WHAT THE TASK REQUIRES:
In the listing below, pick out lines with "Dynamics".
** SUPPLIED DATA follows **
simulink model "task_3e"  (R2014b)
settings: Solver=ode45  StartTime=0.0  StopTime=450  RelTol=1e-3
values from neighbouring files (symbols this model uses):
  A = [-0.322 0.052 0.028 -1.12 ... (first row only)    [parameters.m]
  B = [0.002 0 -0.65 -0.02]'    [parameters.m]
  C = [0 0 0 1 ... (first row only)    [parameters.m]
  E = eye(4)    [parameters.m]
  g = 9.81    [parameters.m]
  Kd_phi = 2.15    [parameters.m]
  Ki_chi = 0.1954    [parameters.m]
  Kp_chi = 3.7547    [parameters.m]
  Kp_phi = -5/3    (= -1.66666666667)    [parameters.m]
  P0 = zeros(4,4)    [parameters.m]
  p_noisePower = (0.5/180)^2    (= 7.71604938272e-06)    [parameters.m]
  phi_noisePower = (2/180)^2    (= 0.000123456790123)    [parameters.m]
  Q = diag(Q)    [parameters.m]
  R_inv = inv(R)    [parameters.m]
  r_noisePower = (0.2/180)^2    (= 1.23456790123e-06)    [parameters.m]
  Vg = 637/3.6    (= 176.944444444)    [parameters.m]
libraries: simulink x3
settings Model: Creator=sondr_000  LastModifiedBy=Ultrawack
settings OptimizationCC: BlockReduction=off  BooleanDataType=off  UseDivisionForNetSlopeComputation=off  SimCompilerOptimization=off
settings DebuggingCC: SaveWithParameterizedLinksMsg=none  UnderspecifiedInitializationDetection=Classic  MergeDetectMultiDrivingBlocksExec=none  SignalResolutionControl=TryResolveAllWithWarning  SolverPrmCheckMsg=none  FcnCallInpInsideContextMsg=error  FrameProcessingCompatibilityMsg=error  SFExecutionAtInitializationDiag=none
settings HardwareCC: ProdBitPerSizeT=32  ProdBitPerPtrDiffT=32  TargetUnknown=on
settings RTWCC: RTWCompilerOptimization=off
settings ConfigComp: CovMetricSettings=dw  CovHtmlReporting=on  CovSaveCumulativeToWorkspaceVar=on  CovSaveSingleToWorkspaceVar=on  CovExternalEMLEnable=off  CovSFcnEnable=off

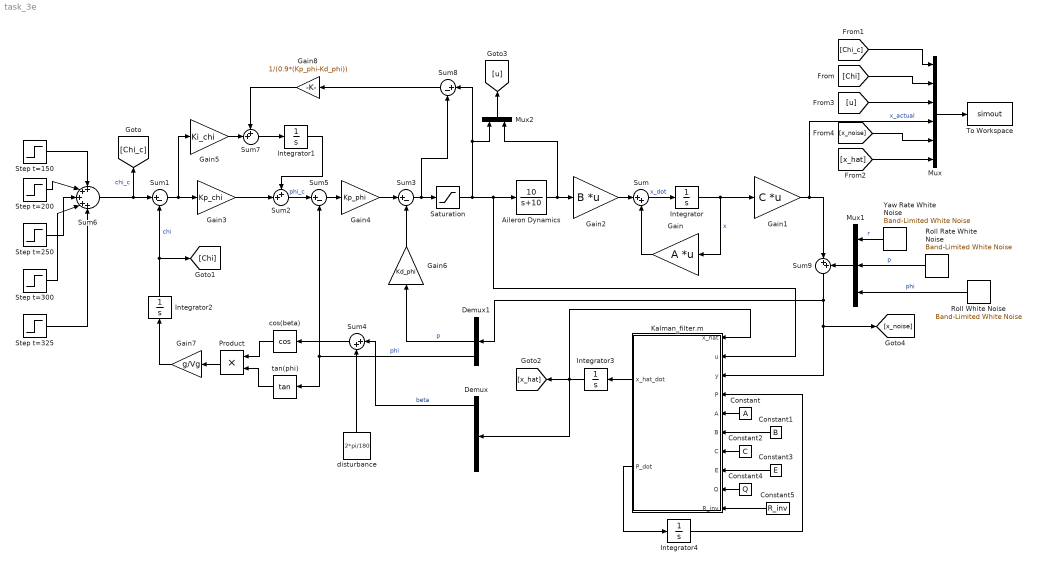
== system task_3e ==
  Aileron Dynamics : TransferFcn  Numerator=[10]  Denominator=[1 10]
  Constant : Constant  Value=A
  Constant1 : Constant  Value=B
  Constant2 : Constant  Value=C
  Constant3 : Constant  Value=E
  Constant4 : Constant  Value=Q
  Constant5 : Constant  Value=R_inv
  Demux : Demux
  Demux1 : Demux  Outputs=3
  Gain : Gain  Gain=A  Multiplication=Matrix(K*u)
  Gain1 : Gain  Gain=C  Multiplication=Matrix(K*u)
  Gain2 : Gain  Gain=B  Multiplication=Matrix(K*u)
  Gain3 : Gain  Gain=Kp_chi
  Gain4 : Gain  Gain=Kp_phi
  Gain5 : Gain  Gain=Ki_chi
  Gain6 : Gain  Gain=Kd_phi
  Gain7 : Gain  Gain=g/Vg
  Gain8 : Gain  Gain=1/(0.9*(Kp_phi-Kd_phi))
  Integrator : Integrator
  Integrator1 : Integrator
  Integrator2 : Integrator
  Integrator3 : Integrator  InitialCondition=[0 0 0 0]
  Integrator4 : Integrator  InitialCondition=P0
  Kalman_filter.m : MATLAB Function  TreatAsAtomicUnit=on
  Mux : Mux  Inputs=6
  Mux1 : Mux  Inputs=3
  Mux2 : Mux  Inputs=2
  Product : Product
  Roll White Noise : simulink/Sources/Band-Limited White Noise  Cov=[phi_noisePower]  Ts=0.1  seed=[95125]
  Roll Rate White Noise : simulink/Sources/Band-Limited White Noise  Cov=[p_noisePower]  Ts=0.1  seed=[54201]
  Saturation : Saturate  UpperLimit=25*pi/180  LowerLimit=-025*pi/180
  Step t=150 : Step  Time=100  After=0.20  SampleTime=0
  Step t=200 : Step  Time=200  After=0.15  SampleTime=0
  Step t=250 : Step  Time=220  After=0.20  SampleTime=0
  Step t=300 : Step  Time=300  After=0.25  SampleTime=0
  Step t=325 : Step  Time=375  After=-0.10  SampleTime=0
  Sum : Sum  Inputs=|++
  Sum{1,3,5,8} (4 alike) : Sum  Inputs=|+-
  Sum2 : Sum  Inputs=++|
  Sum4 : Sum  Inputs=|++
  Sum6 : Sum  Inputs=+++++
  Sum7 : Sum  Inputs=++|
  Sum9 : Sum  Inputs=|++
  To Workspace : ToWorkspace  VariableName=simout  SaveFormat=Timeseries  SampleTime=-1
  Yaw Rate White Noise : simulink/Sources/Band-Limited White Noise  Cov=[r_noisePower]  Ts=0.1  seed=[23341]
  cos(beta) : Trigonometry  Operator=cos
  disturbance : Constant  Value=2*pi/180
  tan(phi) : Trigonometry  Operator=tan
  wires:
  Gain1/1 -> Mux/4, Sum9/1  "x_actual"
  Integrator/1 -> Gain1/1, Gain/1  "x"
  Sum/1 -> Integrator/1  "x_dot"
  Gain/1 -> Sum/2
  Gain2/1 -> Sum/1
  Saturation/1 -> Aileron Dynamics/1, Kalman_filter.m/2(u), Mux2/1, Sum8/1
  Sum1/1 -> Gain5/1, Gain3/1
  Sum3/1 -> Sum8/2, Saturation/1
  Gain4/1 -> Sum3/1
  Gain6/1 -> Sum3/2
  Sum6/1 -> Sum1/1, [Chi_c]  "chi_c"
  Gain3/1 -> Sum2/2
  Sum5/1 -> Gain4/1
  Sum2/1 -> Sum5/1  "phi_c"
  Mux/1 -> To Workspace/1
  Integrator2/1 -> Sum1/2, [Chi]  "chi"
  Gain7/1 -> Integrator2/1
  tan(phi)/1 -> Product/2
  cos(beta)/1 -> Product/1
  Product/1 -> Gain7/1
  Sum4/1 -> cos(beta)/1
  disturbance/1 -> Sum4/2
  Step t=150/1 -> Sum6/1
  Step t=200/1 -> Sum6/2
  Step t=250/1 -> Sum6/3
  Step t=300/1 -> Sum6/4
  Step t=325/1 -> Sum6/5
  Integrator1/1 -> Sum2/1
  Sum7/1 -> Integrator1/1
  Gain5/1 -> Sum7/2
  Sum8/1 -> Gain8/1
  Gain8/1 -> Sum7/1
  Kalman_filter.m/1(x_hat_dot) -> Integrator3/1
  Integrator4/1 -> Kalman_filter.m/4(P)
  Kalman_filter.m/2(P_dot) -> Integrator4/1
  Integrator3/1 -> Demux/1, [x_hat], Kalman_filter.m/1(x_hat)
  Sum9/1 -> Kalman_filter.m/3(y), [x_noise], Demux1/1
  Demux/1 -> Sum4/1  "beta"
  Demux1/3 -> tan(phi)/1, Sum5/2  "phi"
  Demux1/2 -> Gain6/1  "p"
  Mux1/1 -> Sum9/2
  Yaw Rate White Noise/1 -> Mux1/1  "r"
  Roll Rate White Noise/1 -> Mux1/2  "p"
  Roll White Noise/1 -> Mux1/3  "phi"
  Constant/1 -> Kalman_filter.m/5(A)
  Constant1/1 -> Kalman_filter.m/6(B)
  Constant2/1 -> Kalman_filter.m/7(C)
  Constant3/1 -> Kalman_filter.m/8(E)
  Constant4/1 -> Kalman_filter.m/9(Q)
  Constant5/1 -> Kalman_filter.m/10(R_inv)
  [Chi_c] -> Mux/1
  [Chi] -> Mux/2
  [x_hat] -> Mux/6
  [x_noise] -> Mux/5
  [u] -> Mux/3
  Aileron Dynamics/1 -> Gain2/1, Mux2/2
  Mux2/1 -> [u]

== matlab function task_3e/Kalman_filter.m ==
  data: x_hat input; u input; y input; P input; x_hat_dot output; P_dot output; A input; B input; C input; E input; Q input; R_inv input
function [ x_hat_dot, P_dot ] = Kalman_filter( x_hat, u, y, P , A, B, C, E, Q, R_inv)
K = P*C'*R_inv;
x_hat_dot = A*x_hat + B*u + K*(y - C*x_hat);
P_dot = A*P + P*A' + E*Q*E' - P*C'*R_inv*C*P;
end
** End of SUPPLIED DATA **
TASK RESULT:
  Aileron Dynamics : TransferFcn  Numerator=[10]  Denominator=[1 10]
  Saturation/1 -> Aileron Dynamics/1, Kalman_filter.m/2(u), Mux2/1, Sum8/1
  Aileron Dynamics/1 -> Gain2/1, Mux2/2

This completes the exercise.